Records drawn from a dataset
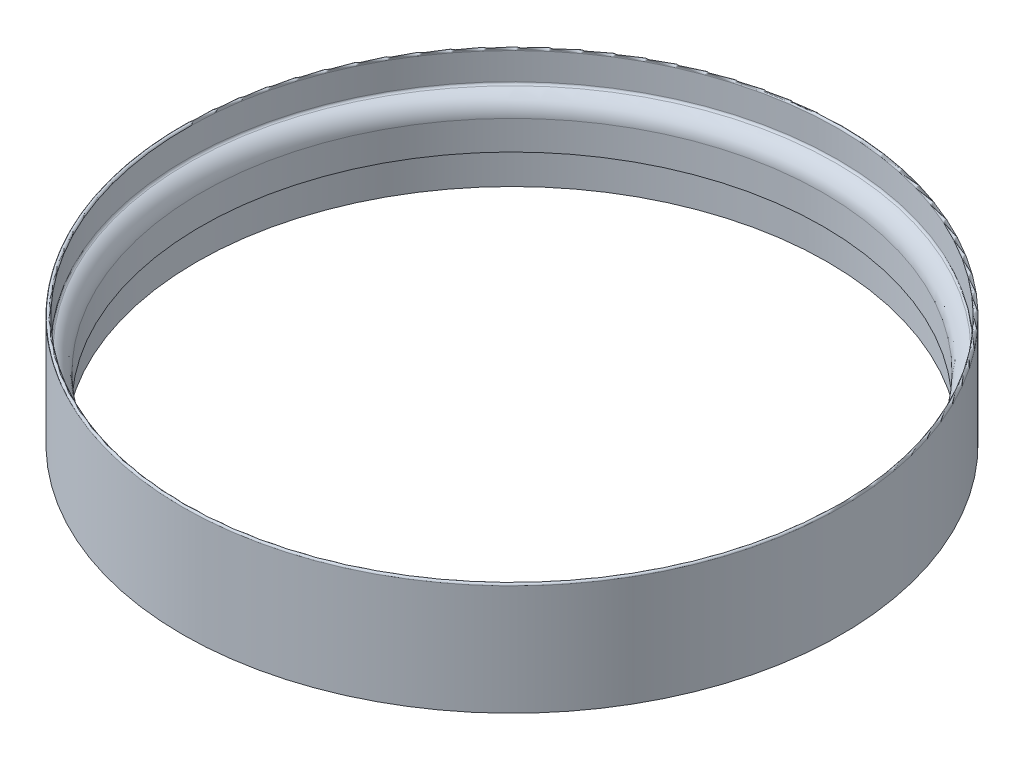
SolidWorks part; units mm, degrees
ref_plane "Front Plane" through (0, 0, 0) normal (0, 0, 1) x (1, 0, 0)
ref_plane "Top Plane" through (0, 0, 0) normal (0, 1, 0) x (1, 0, 0)
ref_plane "Right Plane" through (0, 0, 0) normal (1, 0, 0) x (0, 0, -1)
sketch "Sketch1" plane through (0, 0, 0) normal (1, 0, 0) x (0, 0, -1)
  line L0 (0, 0) -> (0, 21.8072) construction
  line L1 (-104.902, 0) -> (-100.457, 0)
  line L2 (-100.457, 0) -> (-100.457, 10.5)
  line L3 (-100.457, 10.5) -> (-99.06, 10.5)
  line L4 (-99.06, 10.5) -> (-99.06, 19.771)
  line L5 (-99.06, 19.771) -> (-103.8225, 19.771) construction
  line L6 (-103.8225, 19.771) -> (-103.8225, 35.646) construction
  line L7 (-103.8225, 35.646) -> (-104.902, 35.646)
  line L8 (-104.902, 35.646) -> (-104.902, 0)
  line L9 (-103.8225, 25.9194) -> (-103.8225, 35.646)
  arc A0 (-99.06, 19.771) -> (-103.8225, 25.9194) centre (-105.41, 19.771) ccw
  dimension "D8" = 6.35
  dimension "D1" = 10.5
  dimension "D2" = 9.271
  dimension "D3" = 15.875
  dimension "D4" = 200.914
  dimension "D5" = 198.12
  dimension "D6" = 103.8225
  dimension "D7" = 209.804
revolve "Revolve1" add sketch "Sketch1" angle 360 about L0
fillet "Fillet1" radius 0.7937 2 edges at (0, 10.5, -100.457) (0, 25.9194, -103.8225)
fillet "Fillet2" 2 edges at (0, 35.646, -104.902) (0, 35.646, -103.8225) type full round first side face at (0, 0, -104.902) second side face at (0, 26.5062, -103.8225) middle face at (0, 35.646, -104.902)
equation "\"bottom_bearing_thickness\"=0.413386"
equation "\"D1@Sketch1\"=\"bottom_bearing_thickness\""
equation "\"middle_thick\"=0.365"
equation "\"D2@Sketch1\"=\"middle_thick\""
equation "\"printer_limit\"=8.26"
equation "\"D7@Sketch1\"=\"printer_limit\""

Exercise
Could you retype exactly the lines above, starting at the line that contains "line L9 (-103.8225, 25.9194)" and ending at the line that contains "(0, 25.9194, -103.8225)", and nothing more?

Output for this exercise
  line L9 (-103.8225, 25.9194) -> (-103.8225, 35.646)
  arc A0 (-99.06, 19.771) -> (-103.8225, 25.9194) centre (-105.41, 19.771) ccw
  dimension "D8" = 6.35
  dimension "D1" = 10.5
  dimension "D2" = 9.271
  dimension "D3" = 15.875
  dimension "D4" = 200.914
  dimension "D5" = 198.12
  dimension "D6" = 103.8225
  dimension "D7" = 209.804
revolve "Revolve1" add sketch "Sketch1" angle 360 about L0
fillet "Fillet1" radius 0.7937 2 edges at (0, 10.5, -100.457) (0, 25.9194, -103.8225)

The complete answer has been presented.